• [Task prompt]: The records below need to come back exactly as they are, pictures omitted.

• [Excerpted data]:
+ + +

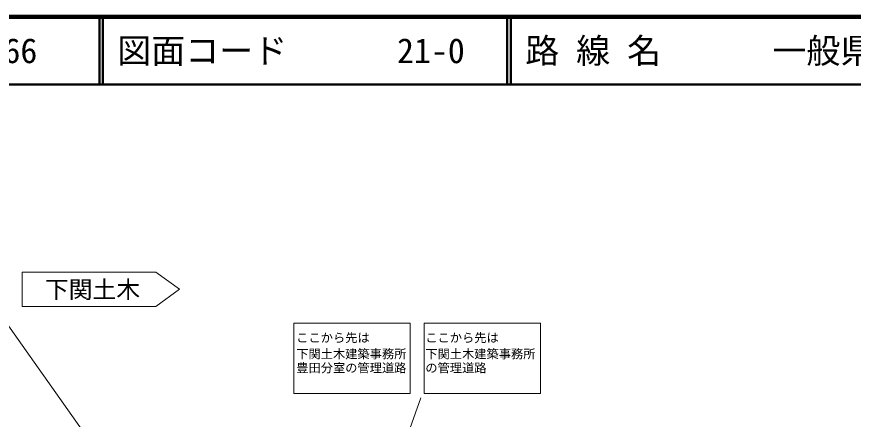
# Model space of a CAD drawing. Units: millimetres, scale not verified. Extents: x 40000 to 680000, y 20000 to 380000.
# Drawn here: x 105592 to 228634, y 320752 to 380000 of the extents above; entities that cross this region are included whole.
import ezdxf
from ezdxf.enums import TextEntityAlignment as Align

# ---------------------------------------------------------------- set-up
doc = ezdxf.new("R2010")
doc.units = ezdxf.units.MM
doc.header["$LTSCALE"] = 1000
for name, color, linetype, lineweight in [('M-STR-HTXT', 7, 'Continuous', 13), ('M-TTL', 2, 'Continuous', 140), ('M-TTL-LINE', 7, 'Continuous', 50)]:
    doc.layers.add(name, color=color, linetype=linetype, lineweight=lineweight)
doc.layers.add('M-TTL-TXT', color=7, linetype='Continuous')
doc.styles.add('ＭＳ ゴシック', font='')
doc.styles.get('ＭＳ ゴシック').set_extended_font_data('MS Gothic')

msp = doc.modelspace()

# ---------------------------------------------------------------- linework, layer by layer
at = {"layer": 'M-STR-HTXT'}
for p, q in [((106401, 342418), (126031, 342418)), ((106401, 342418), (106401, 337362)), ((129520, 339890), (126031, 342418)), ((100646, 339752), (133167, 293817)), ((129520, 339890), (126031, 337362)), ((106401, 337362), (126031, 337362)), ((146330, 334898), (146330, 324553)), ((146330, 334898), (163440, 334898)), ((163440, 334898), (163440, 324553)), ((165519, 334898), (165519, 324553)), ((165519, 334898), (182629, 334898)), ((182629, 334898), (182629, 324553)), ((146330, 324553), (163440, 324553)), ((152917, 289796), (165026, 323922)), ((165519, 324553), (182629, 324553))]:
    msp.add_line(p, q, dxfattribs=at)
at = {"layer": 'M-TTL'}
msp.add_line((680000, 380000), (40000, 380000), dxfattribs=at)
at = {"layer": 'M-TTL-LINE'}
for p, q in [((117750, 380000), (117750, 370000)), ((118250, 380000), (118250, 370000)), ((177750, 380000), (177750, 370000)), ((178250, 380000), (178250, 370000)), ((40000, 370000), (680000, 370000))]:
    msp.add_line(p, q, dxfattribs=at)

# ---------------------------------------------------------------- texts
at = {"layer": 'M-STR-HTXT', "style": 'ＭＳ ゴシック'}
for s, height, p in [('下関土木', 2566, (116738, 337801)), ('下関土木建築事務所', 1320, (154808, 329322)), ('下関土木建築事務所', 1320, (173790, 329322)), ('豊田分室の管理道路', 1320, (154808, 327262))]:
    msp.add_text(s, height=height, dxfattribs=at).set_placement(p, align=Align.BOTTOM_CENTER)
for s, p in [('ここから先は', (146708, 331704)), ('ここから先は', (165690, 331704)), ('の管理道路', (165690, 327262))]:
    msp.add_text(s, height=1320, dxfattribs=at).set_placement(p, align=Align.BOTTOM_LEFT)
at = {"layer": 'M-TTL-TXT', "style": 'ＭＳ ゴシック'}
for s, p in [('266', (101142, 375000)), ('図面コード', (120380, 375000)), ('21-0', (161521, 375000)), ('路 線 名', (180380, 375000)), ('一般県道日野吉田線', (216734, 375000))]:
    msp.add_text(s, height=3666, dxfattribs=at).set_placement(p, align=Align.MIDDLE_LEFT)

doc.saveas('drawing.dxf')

+ + +

• [Output for this exercise]:
# Model space of a CAD drawing. Units: millimetres, scale not verified. Extents: x 40000 to 680000, y 20000 to 380000.
# Drawn here: x 105592 to 228634, y 320752 to 380000 of the extents above; entities that cross this region are included whole.
import ezdxf
from ezdxf.enums import TextEntityAlignment as Align

# ---------------------------------------------------------------- set-up
doc = ezdxf.new("R2010")
doc.units = ezdxf.units.MM
doc.header["$LTSCALE"] = 1000
for name, color, linetype, lineweight in [('M-STR-HTXT', 7, 'Continuous', 13), ('M-TTL', 2, 'Continuous', 140), ('M-TTL-LINE', 7, 'Continuous', 50)]:
    doc.layers.add(name, color=color, linetype=linetype, lineweight=lineweight)
doc.layers.add('M-TTL-TXT', color=7, linetype='Continuous')
doc.styles.add('ＭＳ ゴシック', font='')
doc.styles.get('ＭＳ ゴシック').set_extended_font_data('MS Gothic')

msp = doc.modelspace()

# ---------------------------------------------------------------- linework, layer by layer
at = {"layer": 'M-STR-HTXT'}
for p, q in [((106401, 342418), (126031, 342418)), ((106401, 342418), (106401, 337362)), ((129520, 339890), (126031, 342418)), ((100646, 339752), (133167, 293817)), ((129520, 339890), (126031, 337362)), ((106401, 337362), (126031, 337362)), ((146330, 334898), (146330, 324553)), ((146330, 334898), (163440, 334898)), ((163440, 334898), (163440, 324553)), ((165519, 334898), (165519, 324553)), ((165519, 334898), (182629, 334898)), ((182629, 334898), (182629, 324553)), ((146330, 324553), (163440, 324553)), ((152917, 289796), (165026, 323922)), ((165519, 324553), (182629, 324553))]:
    msp.add_line(p, q, dxfattribs=at)
at = {"layer": 'M-TTL'}
msp.add_line((680000, 380000), (40000, 380000), dxfattribs=at)
at = {"layer": 'M-TTL-LINE'}
for p, q in [((117750, 380000), (117750, 370000)), ((118250, 380000), (118250, 370000)), ((177750, 380000), (177750, 370000)), ((178250, 380000), (178250, 370000)), ((40000, 370000), (680000, 370000))]:
    msp.add_line(p, q, dxfattribs=at)

# ---------------------------------------------------------------- texts
at = {"layer": 'M-STR-HTXT', "style": 'ＭＳ ゴシック'}
for s, height, p in [('下関土木', 2566, (116738, 337801)), ('下関土木建築事務所', 1320, (154808, 329322)), ('下関土木建築事務所', 1320, (173790, 329322)), ('豊田分室の管理道路', 1320, (154808, 327262))]:
    msp.add_text(s, height=height, dxfattribs=at).set_placement(p, align=Align.BOTTOM_CENTER)
for s, p in [('ここから先は', (146708, 331704)), ('ここから先は', (165690, 331704)), ('の管理道路', (165690, 327262))]:
    msp.add_text(s, height=1320, dxfattribs=at).set_placement(p, align=Align.BOTTOM_LEFT)
at = {"layer": 'M-TTL-TXT', "style": 'ＭＳ ゴシック'}
for s, p in [('266', (101142, 375000)), ('図面コード', (120380, 375000)), ('21-0', (161521, 375000)), ('路 線 名', (180380, 375000)), ('一般県道日野吉田線', (216734, 375000))]:
    msp.add_text(s, height=3666, dxfattribs=at).set_placement(p, align=Align.MIDDLE_LEFT)

doc.saveas('drawing.dxf')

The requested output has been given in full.